Microscopy and Microanalysis ◽

10.1017/s1431927610094225 ◽

2010 ◽

Vol 17 (3) ◽

pp. 350-361

Author(s):

C.J. Boehlert ◽

S.C. Longanbach

Keyword(s):

Grain Boundary ◽

Grain Boundaries ◽

Creep Behavior ◽

Volume Fraction ◽

Solution Treatment ◽

Tensile Creep ◽

Dislocation Creep ◽

Grain Boundary Character Distribution ◽

Air Cooling ◽

Cold Rolled

AbstractUdimet 188 was subjected to thermomechanical processing (TMP) in an attempt to understand the effects of cold-rolling deformation on the microstructure and tensile-creep behavior. Commercially available sheet was cold rolled to varying amounts of deformation (between 5–35% reduction in sheet thickness) followed by a solution treatment at 1,464 K (1,191°C) for 1 h and subsequent air cooling.
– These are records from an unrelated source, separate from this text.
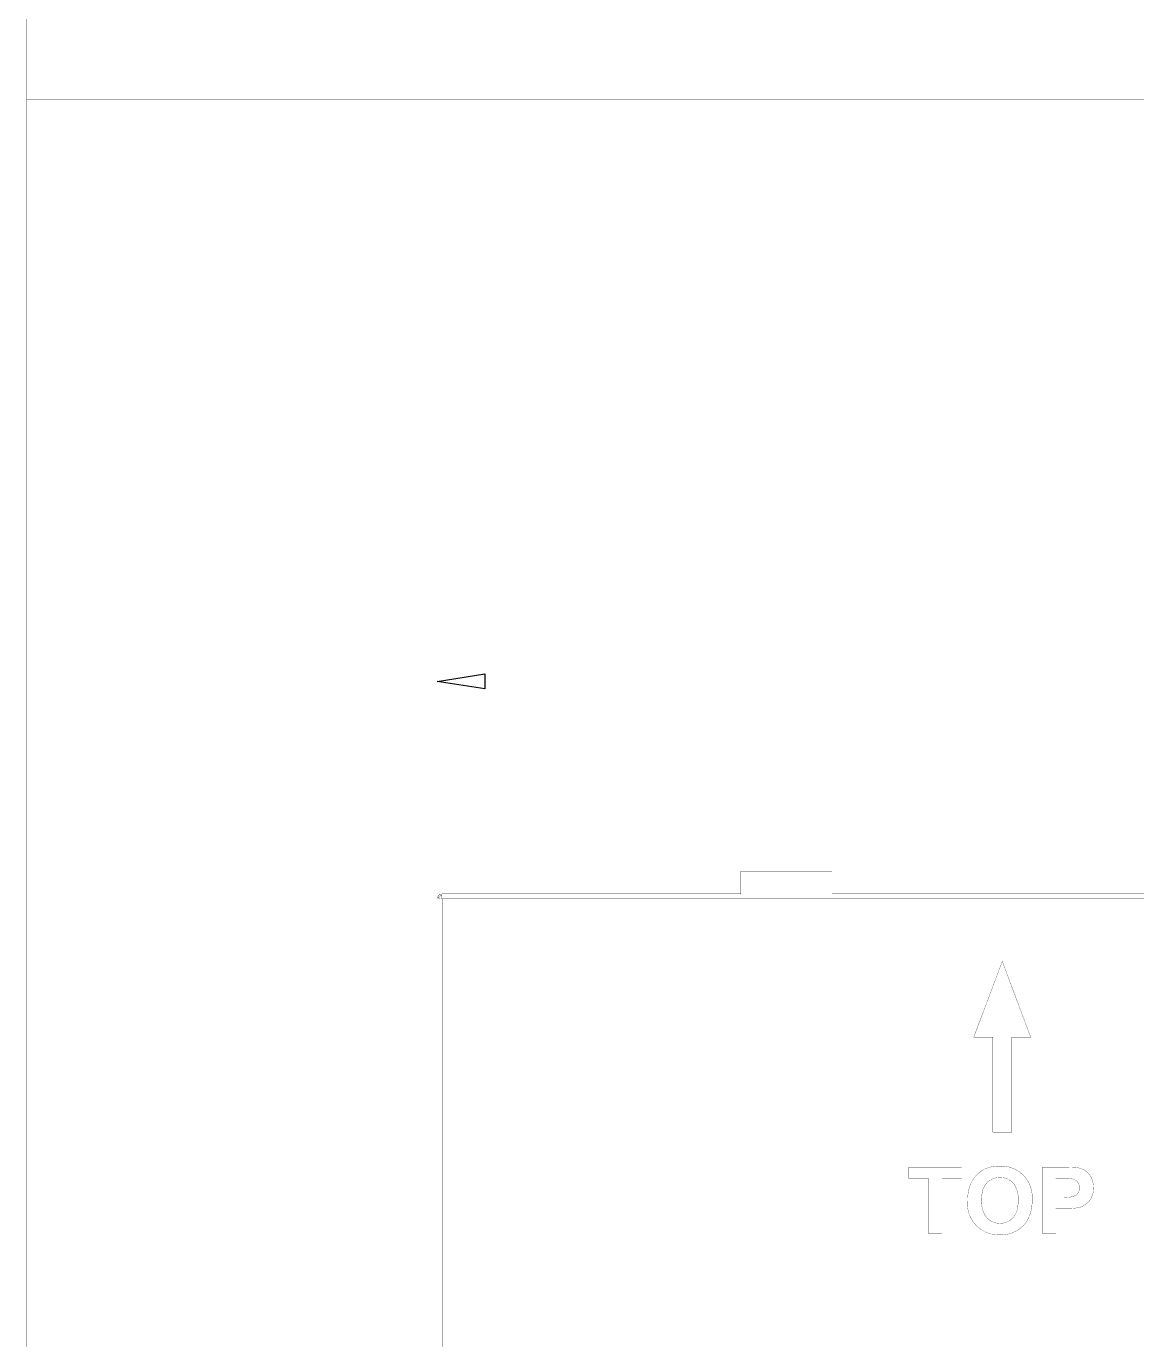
# Model space of a CAD drawing. Header units: inches. Extents: x 0 to 35.2, y -0.7 to 15.9.
# Drawn here: x 21.54 to 23.845, y 4.966 to 7.691 of the extents above; entities that cross this region are included whole.
import ezdxf

# ---------------------------------------------------------------- set-up
doc = ezdxf.new("R2010")
doc.units = ezdxf.units.IN
doc.header["$MEASUREMENT"] = 0
doc.layers.add('Board Outline', color=216, linetype='Continuous')
doc.layers.add('Dimensions', color=6, linetype='Continuous')

msp = doc.modelspace()

# ---------------------------------------------------------------- linework, layer by layer
at = {"layer": 'Board Outline'}
for p, q in [((22.3933, 6.3314), (22.4917, 6.3472)), ((22.4917, 6.3157), (22.3933, 6.3314)), ((22.4917, 6.3472), (22.4917, 6.3157))]:
    msp.add_line(p, q, dxfattribs=at)
for points in [[(21.5406, -0.5315, 0.0005, 0.0005, 0), (21.5406, 15.6102, 0.0005, 0.0005, 0)], [(21.5406, 7.5394, 0.0005, 0.0005, 0), (34.9854, 7.5394, 0.0005, 0.0005, 0)], [(22.3933, 5.9199, 0.0005, 0.0005, 0), (22.3933, 6.3708, 0.0005, 0.0005, 0)], [(22.3933, 6.3314, 0.0005, 0.0005, 0), (25.7318, 6.3314, 0.0005, 0.0005, 0)]]:
    msp.add_lwpolyline(points, format="xyseb", dxfattribs=at)
for points in [[(21.5404, 7.5394, 0.00025, 0.00025, 1), (21.5407, 7.5394, 0.00025, 0.00025, 1)], [(22.3932, 6.3708, 0.00025, 0.00025, 1), (22.3934, 6.3708, 0.00025, 0.00025, 1)], [(22.3932, 6.3314, 0.00025, 0.00025, 1), (22.3934, 6.3314, 0.00025, 0.00025, 1)], [(22.3932, 5.9199, 0.00025, 0.00025, 1), (22.3934, 5.9199, 0.00025, 0.00025, 1)]]:
    msp.add_lwpolyline(points, format="xyseb", close=True, dxfattribs=at)
at = {"layer": 'Dimensions'}
for points in [[(23.0232, 5.8904, 0.0005, 0.0005, 0), (23.0232, 5.9377, 0.0005, 0.0005, 0)], [(23.0232, 5.9377, 0.0005, 0.0005, 0), (23.2122, 5.9377, 0.0005, 0.0005, 0)], [(23.2122, 5.8904, 0.0005, 0.0005, 0), (23.2122, 5.9377, 0.0005, 0.0005, 0)], [(22.3933, 5.8805, 0.0005, 0.0005, -0.196417), (22.3962, 5.8875, 0.0005, 0.0005, 0)], [(22.3953, 5.8846, 0.0005, 0.0005, -0.058999), (22.3953, 5.8857, 0.0005, 0.0005, 0)], [(22.3953, 5.8857, 0.0005, 0.0005, -0.075343), (22.3956, 5.8867, 0.0005, 0.0005, 0)], [(22.3956, 5.8867, 0.0005, 0.0005, -0.093174), (22.3962, 5.8875, 0.0005, 0.0005, 0)], [(22.3962, 5.8875, 0.0005, 0.0005, -0.196417), (22.4031, 5.8904, 0.0005, 0.0005, 0)], [(22.3962, 5.8875, 0.0005, 0.0005, -0.146724), (22.398, 5.8884, 0.0005, 0.0005, 0)], [(22.398, 5.8884, 0.0005, 0.0005, -0.148264), (22.4017, 5.8876, 0.0005, 0.0005, 0)], [(22.3979, 5.8846, 0.0005, 0.0005, -0.096457), (22.4017, 5.8876, 0.0005, 0.0005, 0)], [(22.4017, 5.8876, 0.0005, 0.0005, -0.04459), (22.4022, 5.8893, 0.0005, 0.0005, 0)], [(22.4017, 5.8876, 0.0005, 0.0005, 0), (22.4031, 5.8805, 0.0005, 0.0005, 0)], [(22.4022, 5.8893, 0.0005, 0.0005, -0.044398), (22.4025, 5.8899, 0.0005, 0.0005, 0)], [(22.4025, 5.8899, 0.0005, 0.0005, -0.087318), (22.4028, 5.8903, 0.0005, 0.0005, 0)], [(22.4028, 5.8903, 0.0005, 0.0005, -0.178344), (22.4031, 5.8904, 0.0005, 0.0005, 0)], [(22.4031, 5.8904, 0.0005, 0.0005, 0), (23.0232, 5.8904, 0.0005, 0.0005, 0)], [(23.0232, 5.8896, 0.0005, 0.0005, 0), (23.0232, 5.8904, 0.0005, 0.0005, 0)], [(23.0232, 5.8896, 0.0005, 0.0005, 0), (23.2122, 5.8896, 0.0005, 0.0005, 0)], [(23.2122, 5.8896, 0.0005, 0.0005, 0), (23.2122, 5.8904, 0.0005, 0.0005, 0)], [(23.2122, 5.8904, 0.0005, 0.0005, 0), (24.913, 5.8904, 0.0005, 0.0005, 0)], [(22.3933, 5.8805, 0.0005, 0.0005, -0.263858), (22.3938, 5.8812, 0.0005, 0.0005, 0)], [(22.3933, 4.8846, 0.0005, 0.0005, 0), (22.3933, 5.8805, 0.0005, 0.0005, 0)], [(22.3938, 5.8812, 0.0005, 0.0005, -0.044396), (22.3943, 5.8814, 0.0005, 0.0005, 0)], [(22.3943, 5.8814, 0.0005, 0.0005, -0.026886), (22.3951, 5.8817, 0.0005, 0.0005, 0)], [(22.3951, 5.8817, 0.0005, 0.0005, -0.018721), (22.3961, 5.882, 0.0005, 0.0005, 0)], [(22.3961, 5.882, 0.0005, 0.0005, -0.089527), (22.3953, 5.8846, 0.0005, 0.0005, 0)], [(22.3961, 5.882, 0.0005, 0.0005, -0.065863), (22.3979, 5.8846, 0.0005, 0.0005, 0)], [(22.3961, 5.882, 0.0005, 0.0005, 0), (22.3986, 5.8815, 0.0005, 0.0005, 0)], [(22.3986, 5.8815, 0.0005, 0.0005, 0), (22.4001, 5.8812, 0.0005, 0.0005, 0)], [(22.4001, 5.8812, 0.0005, 0.0005, 0), (22.4016, 5.8809, 0.0005, 0.0005, 0)], [(22.4016, 5.8809, 0.0005, 0.0005, 0), (22.4031, 5.8805, 0.0005, 0.0005, 0)], [(22.4031, 4.8846, 0.0005, 0.0005, 0), (22.4031, 5.8805, 0.0005, 0.0005, 0)], [(22.4031, 5.8805, 0.0005, 0.0005, 0), (25.722, 5.8805, 0.0005, 0.0005, 0)], [(23.5065, 5.5931, 0.0005, 0.0005, 0), (23.5656, 5.7506, 0.0005, 0.0005, 0)], [(23.5656, 5.7506, 0.0005, 0.0005, 0), (23.6246, 5.5931, 0.0005, 0.0005, 0)], [(23.5065, 5.5931, 0.0005, 0.0005, 0), (23.5459, 5.5931, 0.0005, 0.0005, 0)], [(23.5459, 5.3963, 0.0005, 0.0005, 0), (23.5459, 5.5931, 0.0005, 0.0005, 0)], [(23.5853, 5.5931, 0.0005, 0.0005, 0), (23.6246, 5.5931, 0.0005, 0.0005, 0)], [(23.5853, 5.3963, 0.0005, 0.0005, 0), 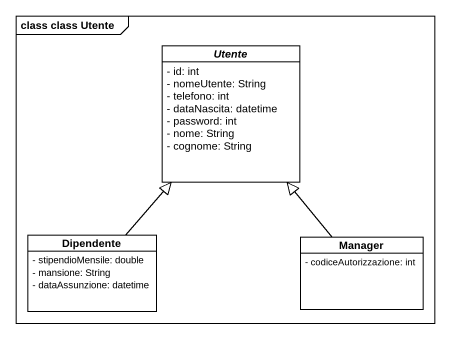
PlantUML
@startuml
mainframe class class Utente
hide circle
hide empty members
skinparam classAttributeIconSize 0
abstract class Utente {
  - id: int
  - nomeUtente: String
  - telefono: int
  - dataNascita: datetime
  - password: int
  - nome: String
  - cognome: String
}
class Dipendente {
  - stipendioMensile: double
  - mansione: String
  - dataAssunzione: datetime
}
class Manager {
  - codiceAutorizzazione: int
}
Dipendente -up-|> Utente
Manager -up-|> Utente
@enduml

This sequence was repeated four times to induce a high-volume fraction of low-energy grain boundaries. The resultant microstructure was characterized using electron backscattered diffraction. The effect of the TMP treatment on the high-temperature [1,033–1,088 K (760–815°C)] creep behavior was evaluated. The measured creep stress exponents (6.0–6.8) suggested that dislocation creep was dominant at 1,033 K (760°C) for stresses ranging between 100–220 MPa. For stresses ranging between 25–100 MPa at 1,033 K (760°C), the stress exponents (2.3–2.8) suggested grain boundary sliding was dominant. A significant amount of grain boundary cracking was observed both on the surface and subsurface of deformed samples. To assess the mechanisms of crack nucleation, in situ scanning electron microscopy was performed during the elevated-temperature tensile-creep deformation. Cracking occurred preferentially along general high-angle grain boundaries (GHAB) and less than 25% of the cracks were found on low-angle grain boundaries (LAB) and coincident site lattice boundaries (CSLB). Creep rupture experiments were performed at T = 1,088 K (815°C) and σ = 165 MPa and the greatest average time-to-rupture was exhibited by the TMP sheet with the greatest fraction of LAB+CSLB. However, a clear correlation was not exhibited between the grain boundary character distribution and the minimum creep rates. The findings of this work suggest that although grain boundary engineering may be possible for this alloy, simply relating the fraction of grain boundary types to the creep resistance is not sufficient.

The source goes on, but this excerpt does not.